[Dataset excerpts]
○ ○ ○ ○ ○ ○ ○
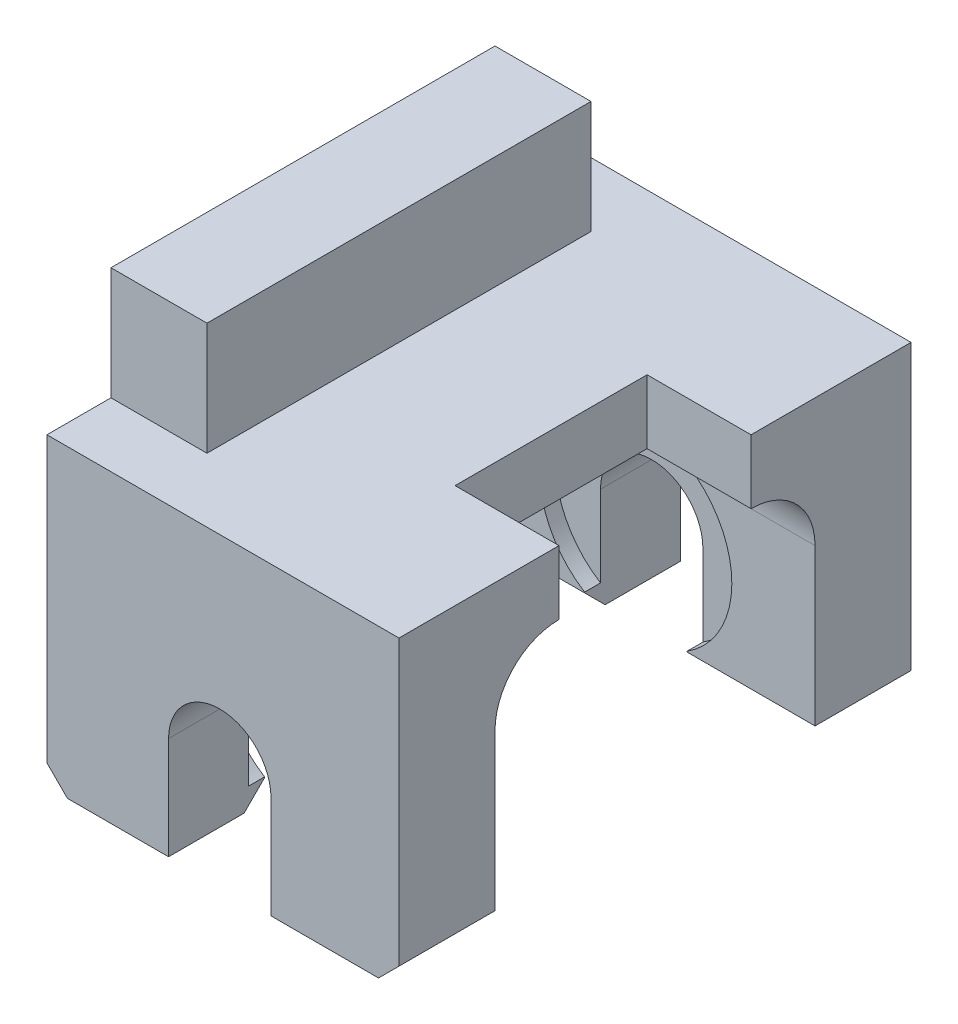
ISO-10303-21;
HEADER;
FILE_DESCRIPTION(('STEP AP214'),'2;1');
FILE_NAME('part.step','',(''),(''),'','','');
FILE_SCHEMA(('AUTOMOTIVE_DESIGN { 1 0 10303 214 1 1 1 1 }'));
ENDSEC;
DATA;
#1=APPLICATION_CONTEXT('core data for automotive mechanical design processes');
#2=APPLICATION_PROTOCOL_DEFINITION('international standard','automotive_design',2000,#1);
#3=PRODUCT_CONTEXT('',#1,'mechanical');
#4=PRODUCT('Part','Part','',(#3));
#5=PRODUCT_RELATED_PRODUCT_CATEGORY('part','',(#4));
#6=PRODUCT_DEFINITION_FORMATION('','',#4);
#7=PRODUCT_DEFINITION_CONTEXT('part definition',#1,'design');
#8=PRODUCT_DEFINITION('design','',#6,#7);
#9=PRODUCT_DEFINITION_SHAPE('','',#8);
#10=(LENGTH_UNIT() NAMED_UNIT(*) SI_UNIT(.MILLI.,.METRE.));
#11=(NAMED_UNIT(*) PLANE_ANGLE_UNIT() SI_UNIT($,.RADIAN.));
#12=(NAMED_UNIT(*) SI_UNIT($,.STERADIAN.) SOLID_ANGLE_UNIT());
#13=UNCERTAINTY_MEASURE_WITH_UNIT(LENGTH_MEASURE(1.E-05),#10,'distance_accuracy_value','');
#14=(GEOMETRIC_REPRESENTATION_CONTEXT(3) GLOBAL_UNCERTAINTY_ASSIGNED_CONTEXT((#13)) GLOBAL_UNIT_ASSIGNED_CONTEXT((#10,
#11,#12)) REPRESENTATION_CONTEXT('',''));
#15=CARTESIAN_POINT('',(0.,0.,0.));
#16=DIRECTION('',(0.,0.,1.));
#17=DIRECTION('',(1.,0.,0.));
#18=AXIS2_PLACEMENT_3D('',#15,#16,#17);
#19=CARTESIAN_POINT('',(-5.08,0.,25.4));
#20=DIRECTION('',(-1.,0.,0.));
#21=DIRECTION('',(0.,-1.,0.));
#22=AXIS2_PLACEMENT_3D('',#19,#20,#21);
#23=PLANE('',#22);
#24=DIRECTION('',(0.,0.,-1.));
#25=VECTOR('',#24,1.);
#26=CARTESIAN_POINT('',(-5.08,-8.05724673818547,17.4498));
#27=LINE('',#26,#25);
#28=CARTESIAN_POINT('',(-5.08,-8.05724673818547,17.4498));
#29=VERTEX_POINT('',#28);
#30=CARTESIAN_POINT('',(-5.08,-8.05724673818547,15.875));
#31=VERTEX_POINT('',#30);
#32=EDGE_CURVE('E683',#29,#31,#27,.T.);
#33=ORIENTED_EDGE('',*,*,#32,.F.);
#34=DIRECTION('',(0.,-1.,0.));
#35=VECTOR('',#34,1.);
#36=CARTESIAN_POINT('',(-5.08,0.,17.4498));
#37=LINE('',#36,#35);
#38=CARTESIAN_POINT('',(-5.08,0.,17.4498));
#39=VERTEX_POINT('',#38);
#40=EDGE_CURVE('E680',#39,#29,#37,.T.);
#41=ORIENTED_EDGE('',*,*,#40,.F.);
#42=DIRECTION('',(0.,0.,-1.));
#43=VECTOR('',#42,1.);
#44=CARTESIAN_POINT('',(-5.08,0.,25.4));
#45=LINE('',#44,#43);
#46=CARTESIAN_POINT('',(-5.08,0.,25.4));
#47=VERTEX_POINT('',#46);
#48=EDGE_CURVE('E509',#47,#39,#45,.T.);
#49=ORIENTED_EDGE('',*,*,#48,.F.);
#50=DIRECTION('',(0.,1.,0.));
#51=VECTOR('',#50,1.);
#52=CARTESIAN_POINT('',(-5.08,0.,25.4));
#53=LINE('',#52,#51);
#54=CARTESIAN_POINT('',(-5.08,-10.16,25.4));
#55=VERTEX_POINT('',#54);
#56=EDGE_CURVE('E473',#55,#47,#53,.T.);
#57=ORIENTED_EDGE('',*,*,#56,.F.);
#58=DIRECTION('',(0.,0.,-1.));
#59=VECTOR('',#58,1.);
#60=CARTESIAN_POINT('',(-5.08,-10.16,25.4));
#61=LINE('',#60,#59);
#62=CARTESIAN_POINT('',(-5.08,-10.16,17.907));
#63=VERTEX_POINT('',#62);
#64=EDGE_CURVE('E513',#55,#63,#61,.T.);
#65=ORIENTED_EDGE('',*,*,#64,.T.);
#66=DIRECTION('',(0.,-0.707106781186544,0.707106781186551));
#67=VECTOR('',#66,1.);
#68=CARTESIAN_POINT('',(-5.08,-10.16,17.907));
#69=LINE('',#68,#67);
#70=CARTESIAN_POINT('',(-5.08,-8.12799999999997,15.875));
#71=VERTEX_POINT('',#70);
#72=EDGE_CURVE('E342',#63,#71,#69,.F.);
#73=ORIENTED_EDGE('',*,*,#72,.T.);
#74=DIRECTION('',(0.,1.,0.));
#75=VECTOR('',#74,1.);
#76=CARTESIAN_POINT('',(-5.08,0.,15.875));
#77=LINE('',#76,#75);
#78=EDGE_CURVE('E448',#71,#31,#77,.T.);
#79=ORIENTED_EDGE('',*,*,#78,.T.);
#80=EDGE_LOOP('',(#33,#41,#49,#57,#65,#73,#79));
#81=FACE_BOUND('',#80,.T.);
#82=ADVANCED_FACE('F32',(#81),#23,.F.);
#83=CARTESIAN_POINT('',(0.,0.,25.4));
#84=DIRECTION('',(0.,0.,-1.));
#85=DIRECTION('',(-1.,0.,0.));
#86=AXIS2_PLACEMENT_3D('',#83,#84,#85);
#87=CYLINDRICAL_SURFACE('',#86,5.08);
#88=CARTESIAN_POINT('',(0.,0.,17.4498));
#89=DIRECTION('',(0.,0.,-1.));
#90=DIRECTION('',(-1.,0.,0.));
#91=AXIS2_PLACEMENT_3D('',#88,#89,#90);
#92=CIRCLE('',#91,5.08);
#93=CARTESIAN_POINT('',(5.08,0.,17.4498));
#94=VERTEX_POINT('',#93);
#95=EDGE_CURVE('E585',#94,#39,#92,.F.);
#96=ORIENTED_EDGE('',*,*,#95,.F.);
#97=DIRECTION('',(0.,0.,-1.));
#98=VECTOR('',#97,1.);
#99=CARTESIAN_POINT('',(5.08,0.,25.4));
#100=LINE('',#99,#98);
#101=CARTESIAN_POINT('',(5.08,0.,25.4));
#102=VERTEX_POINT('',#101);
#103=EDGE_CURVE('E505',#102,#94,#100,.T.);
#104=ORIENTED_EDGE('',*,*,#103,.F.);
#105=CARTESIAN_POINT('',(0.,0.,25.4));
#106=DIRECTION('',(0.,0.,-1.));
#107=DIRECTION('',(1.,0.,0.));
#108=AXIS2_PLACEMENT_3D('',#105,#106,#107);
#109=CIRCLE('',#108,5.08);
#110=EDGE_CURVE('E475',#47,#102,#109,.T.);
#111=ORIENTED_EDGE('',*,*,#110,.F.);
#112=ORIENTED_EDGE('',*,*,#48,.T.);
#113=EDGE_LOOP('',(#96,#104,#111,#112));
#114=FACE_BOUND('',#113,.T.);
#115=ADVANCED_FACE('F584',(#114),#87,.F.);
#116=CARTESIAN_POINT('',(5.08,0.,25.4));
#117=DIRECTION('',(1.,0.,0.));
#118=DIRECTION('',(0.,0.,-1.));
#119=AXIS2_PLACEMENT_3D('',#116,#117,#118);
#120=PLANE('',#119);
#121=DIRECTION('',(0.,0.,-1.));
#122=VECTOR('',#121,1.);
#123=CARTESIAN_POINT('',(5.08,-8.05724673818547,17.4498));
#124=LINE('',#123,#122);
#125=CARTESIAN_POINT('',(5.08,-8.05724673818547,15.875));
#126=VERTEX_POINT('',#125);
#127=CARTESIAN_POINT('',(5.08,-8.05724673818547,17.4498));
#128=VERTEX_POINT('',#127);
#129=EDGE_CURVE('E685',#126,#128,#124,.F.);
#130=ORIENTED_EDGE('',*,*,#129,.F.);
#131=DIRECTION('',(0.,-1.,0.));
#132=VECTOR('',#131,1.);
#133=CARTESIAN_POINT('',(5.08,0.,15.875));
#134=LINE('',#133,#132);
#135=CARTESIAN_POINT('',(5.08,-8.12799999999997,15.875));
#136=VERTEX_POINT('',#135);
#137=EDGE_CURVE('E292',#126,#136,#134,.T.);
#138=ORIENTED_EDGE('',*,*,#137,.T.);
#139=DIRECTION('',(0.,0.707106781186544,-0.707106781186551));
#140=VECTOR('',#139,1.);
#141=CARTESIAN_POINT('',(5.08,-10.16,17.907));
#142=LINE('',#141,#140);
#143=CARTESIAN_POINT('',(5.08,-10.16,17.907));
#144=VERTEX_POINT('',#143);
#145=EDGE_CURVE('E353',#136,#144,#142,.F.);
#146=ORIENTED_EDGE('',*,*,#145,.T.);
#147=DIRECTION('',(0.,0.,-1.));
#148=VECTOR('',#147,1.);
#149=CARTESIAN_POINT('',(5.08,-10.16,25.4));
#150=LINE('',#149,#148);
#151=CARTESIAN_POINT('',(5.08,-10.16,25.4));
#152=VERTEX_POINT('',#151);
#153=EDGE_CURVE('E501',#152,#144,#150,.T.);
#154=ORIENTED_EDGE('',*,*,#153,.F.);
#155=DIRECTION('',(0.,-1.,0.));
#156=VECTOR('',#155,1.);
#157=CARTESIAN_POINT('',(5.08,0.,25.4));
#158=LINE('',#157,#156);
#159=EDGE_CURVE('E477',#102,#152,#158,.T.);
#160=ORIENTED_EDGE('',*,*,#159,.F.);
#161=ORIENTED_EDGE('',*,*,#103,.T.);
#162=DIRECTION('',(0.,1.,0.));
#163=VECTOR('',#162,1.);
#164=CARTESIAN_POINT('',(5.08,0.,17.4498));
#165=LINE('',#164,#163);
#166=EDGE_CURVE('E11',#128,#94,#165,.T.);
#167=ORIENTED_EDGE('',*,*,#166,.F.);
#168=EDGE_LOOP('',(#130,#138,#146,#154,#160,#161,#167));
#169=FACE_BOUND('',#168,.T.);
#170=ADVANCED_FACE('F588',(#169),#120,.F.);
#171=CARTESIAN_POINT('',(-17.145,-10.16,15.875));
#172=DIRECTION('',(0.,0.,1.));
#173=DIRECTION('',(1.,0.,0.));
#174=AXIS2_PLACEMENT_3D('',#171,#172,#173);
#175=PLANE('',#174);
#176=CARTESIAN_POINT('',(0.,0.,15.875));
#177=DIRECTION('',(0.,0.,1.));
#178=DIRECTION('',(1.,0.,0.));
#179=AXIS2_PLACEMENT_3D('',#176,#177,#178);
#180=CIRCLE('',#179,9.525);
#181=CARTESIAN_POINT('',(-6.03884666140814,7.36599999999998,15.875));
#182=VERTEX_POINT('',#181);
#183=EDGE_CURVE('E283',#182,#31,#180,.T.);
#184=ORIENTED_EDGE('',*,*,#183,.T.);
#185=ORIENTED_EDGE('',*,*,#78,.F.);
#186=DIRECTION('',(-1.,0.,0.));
○ ○ ○ ○ ○ ○ ○
## What to do
Starting at the first line of the records above, set down each line exactly through the one that holds "#40=EDGE_CURVE('E680',#39,#29,#37,.T.);". Omit pictures.

## Response
ISO-10303-21;
HEADER;
FILE_DESCRIPTION(('STEP AP214'),'2;1');
FILE_NAME('part.step','',(''),(''),'','','');
FILE_SCHEMA(('AUTOMOTIVE_DESIGN { 1 0 10303 214 1 1 1 1 }'));
ENDSEC;
DATA;
#1=APPLICATION_CONTEXT('core data for automotive mechanical design processes');
#2=APPLICATION_PROTOCOL_DEFINITION('international standard','automotive_design',2000,#1);
#3=PRODUCT_CONTEXT('',#1,'mechanical');
#4=PRODUCT('Part','Part','',(#3));
#5=PRODUCT_RELATED_PRODUCT_CATEGORY('part','',(#4));
#6=PRODUCT_DEFINITION_FORMATION('','',#4);
#7=PRODUCT_DEFINITION_CONTEXT('part definition',#1,'design');
#8=PRODUCT_DEFINITION('design','',#6,#7);
#9=PRODUCT_DEFINITION_SHAPE('','',#8);
#10=(LENGTH_UNIT() NAMED_UNIT(*) SI_UNIT(.MILLI.,.METRE.));
#11=(NAMED_UNIT(*) PLANE_ANGLE_UNIT() SI_UNIT($,.RADIAN.));
#12=(NAMED_UNIT(*) SI_UNIT($,.STERADIAN.) SOLID_ANGLE_UNIT());
#13=UNCERTAINTY_MEASURE_WITH_UNIT(LENGTH_MEASURE(1.E-05),#10,'distance_accuracy_value','');
#14=(GEOMETRIC_REPRESENTATION_CONTEXT(3) GLOBAL_UNCERTAINTY_ASSIGNED_CONTEXT((#13)) GLOBAL_UNIT_ASSIGNED_CONTEXT((#10,
#11,#12)) REPRESENTATION_CONTEXT('',''));
#15=CARTESIAN_POINT('',(0.,0.,0.));
#16=DIRECTION('',(0.,0.,1.));
#17=DIRECTION('',(1.,0.,0.));
#18=AXIS2_PLACEMENT_3D('',#15,#16,#17);
#19=CARTESIAN_POINT('',(-5.08,0.,25.4));
#20=DIRECTION('',(-1.,0.,0.));
#21=DIRECTION('',(0.,-1.,0.));
#22=AXIS2_PLACEMENT_3D('',#19,#20,#21);
#23=PLANE('',#22);
#24=DIRECTION('',(0.,0.,-1.));
#25=VECTOR('',#24,1.);
#26=CARTESIAN_POINT('',(-5.08,-8.05724673818547,17.4498));
#27=LINE('',#26,#25);
#28=CARTESIAN_POINT('',(-5.08,-8.05724673818547,17.4498));
#29=VERTEX_POINT('',#28);
#30=CARTESIAN_POINT('',(-5.08,-8.05724673818547,15.875));
#31=VERTEX_POINT('',#30);
#32=EDGE_CURVE('E683',#29,#31,#27,.T.);
#33=ORIENTED_EDGE('',*,*,#32,.F.);
#34=DIRECTION('',(0.,-1.,0.));
#35=VECTOR('',#34,1.);
#36=CARTESIAN_POINT('',(-5.08,0.,17.4498));
#37=LINE('',#36,#35);
#38=CARTESIAN_POINT('',(-5.08,0.,17.4498));
#39=VERTEX_POINT('',#38);
#40=EDGE_CURVE('E680',#39,#29,#37,.T.);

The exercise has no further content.